Stately Homes

Long walk takes 2¾ hours (7 miles) and includes a variety of farmland, riverside and minor roads. The short walk takes one hour (2½ miles).

Both walks take you past Sizergh Castle, the longer walk also passes Levens Hall.

Opening times:

Sizergh: April 1st- Oct 31st
Sun-Thurs afternoons from 12.30

Levens: April 1st- mid-October
Sun-Thurs 10 a.m.-5 p.m.(garden)
12-5 p.m. (house).

Walk Description

Start at Helsington Church (Grid ref. 488889) which is on the edge of the escarpment above Brigsteer and reached by a turning to the south from the Brigsteer to Kendal road. Please note that parking here is reserved for church-goers on Sundays.

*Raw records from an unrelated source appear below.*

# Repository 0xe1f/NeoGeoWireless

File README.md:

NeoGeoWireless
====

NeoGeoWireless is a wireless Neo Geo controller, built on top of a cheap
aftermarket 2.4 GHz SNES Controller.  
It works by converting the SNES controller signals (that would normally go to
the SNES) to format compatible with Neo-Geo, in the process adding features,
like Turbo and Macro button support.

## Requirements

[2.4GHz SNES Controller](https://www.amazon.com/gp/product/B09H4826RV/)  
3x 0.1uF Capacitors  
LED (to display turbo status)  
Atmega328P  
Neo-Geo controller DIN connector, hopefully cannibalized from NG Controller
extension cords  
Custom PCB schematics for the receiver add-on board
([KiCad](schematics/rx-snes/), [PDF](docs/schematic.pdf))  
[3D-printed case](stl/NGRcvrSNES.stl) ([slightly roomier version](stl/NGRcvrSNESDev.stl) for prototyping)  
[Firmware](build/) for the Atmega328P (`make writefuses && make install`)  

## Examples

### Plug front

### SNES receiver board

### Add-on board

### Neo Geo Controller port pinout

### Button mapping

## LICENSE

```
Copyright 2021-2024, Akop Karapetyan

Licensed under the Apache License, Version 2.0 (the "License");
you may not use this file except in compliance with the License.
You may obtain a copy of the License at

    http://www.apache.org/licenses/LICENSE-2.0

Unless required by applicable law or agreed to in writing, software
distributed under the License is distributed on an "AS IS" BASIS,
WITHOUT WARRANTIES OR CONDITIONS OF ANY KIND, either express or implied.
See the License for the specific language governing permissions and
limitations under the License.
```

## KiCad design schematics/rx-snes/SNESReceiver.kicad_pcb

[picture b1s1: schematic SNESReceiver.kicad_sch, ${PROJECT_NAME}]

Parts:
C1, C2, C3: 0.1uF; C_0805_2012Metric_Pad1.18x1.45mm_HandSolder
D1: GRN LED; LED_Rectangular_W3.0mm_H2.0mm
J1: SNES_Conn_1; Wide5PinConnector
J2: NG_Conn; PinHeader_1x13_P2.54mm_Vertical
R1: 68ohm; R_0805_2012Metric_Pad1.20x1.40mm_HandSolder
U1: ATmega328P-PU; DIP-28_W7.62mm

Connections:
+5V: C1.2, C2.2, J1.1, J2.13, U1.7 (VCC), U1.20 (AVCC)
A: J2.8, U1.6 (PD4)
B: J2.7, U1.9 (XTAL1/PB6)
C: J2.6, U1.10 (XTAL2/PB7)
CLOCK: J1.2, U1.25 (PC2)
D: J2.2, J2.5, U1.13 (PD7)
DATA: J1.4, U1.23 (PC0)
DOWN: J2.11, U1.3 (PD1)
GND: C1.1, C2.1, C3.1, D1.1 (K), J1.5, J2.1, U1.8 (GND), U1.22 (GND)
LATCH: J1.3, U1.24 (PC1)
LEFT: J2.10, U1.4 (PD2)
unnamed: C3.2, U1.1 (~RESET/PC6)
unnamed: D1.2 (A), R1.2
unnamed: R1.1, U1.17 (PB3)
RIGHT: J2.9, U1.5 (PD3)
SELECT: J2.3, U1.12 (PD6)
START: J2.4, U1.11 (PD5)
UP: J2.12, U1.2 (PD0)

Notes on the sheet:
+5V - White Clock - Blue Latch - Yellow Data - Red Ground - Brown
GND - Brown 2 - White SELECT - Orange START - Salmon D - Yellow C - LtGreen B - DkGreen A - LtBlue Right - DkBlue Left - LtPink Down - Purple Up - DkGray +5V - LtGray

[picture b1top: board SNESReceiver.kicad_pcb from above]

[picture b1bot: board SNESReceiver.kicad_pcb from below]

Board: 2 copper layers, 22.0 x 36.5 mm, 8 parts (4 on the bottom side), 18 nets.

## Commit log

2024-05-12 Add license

Pause to admire the views before setting out along the track with the church and then a wall on your left. Ignore all footpath and bridleway signs until you reach a gate with the sign "Holeslack Farm - Footpath only". Continue down this track and look for Sizergh Castle which can be seen in the distance over the top of the farm house. Bear left past the farm buildings and after 25 yards, look for a stile on the right with a dog gate. Follow this path through the wood to another similar stile.

[In spring the wood has a colourful mixture of cowslips. bluebells and wood anemones.]

Bear right and take a well-marked track across the field and through a gate. The path is not so visible here, but head towards a gate near the castle. Through the gate you have three options:

To visit the castle and gardens turn left.

[Sizergh Castle has been the home of the Strickland family since 1239. Now a National Trust property, the oldest part of the building dates from the 14th Century when the pele tower was built to give protection from the marauding Scots.]

For the short walk turn right. Go over the stile into a green lane and follow this through a kissing gate and then another gate to a farm track which follows a wall on the left. After about 5 minutes and another gate, look for a minor road ahead and two huge weathered limestone gateposts. Next to the one on the right is a wicket gate. This is where you rejoin the longer walk. Follow instructions from #.

[Brigsteer woods, on the other side of this road, are especially worth a visit in wild daffodil season.]

For the longer walk go straight ahead, through the car park and follow the exit signs. Just before the cattle grid, turn right, through the kissing gate and follow the wall on the left. At the end of the field go through 2 more kissing gates in close succession, taking you down past a wood on your left. The next kissing gate is in the lower left-hand corner of this field and leads to a track; bear left and follow the track down to a minor road. Turn left, and at the next junction go through a tunnel under the main road. (In need of refreshment? Follow the sign to Low Sizergh Barn Farmshop - if you arrive about 3.45 p.m. you can watch the cows being milked as you drink your tea) otherwise continue down Nannypie Lane to the river Kent.

 

 

[The power of the river was used near here for the manufacture of gunpowder from 1764-1935. The process involved much grinding and mixing for which water wheels were used to drive different sections of machinery. Great care had to be taken to avoid sparks, but in spite of the precautions, explosions were quite common and some of the buildings had one side made of wood which could be blown out and replaced with less trouble than stone].

Turn right and then left to follow the river downstream. Cross the bridge - you could be lucky enough to see salmon trying to leap the rapids. Continue downriver on the other side.

[Wild raspberries and blackberries are plentiful in the verge.]

After crossing a bridge over the A590 enter Levens Park at the footpath sign on the right. Follow the notices in the park until you emerge at Levens Bridge, opposite Levens Hall.

[Levens Hall has at its centre another Pele tower but the main part of the house dates from 1580. The famous topiary gardens were set out from 1690- 1730 and remain largely unchanged. In the park you may see the Bagot goats and black fallow deer. According to legend, a curse laid on the family by a gypsy who was turned away to starve, means that a male heir will only be born when a white fawn is born in the park.]

Turn right at the road, cross the bridge and go up the hill to a footpath on the left signed to Levens. Follow this farm track to a bridge over the A590 and a ladder stile. Continue straight across the field to another stile, then bear left to a gate in the corner of the next field. Follow the track to the road and turn right. Go straight through the village, past the shop (last chance for refreshments) and the Methodist church and continue down Hutton Lane. Follow this lane for a good ½ mile to the end of the village, past Cinderbarrow Farm, and look for a footpath on the left at a U bend signed to Brigsteer Wood. Join the stony track to cross the field, then straight across the minor road.

# Rejoin the short walk at this point, taking the wicket gate close to the gatepost (it maybe hidden if the main gate is open).

The path is not very clearly visible, but you should aim up the hill to the top of the ridge and follow it to a gate at the furthest and highest part of the field boundary (there are other gates lower down). The stony track on the other side of the gate is more visible and continues uphill at first, crossing a smaller field. After the next gate bear left on the track leading back to the church and your car.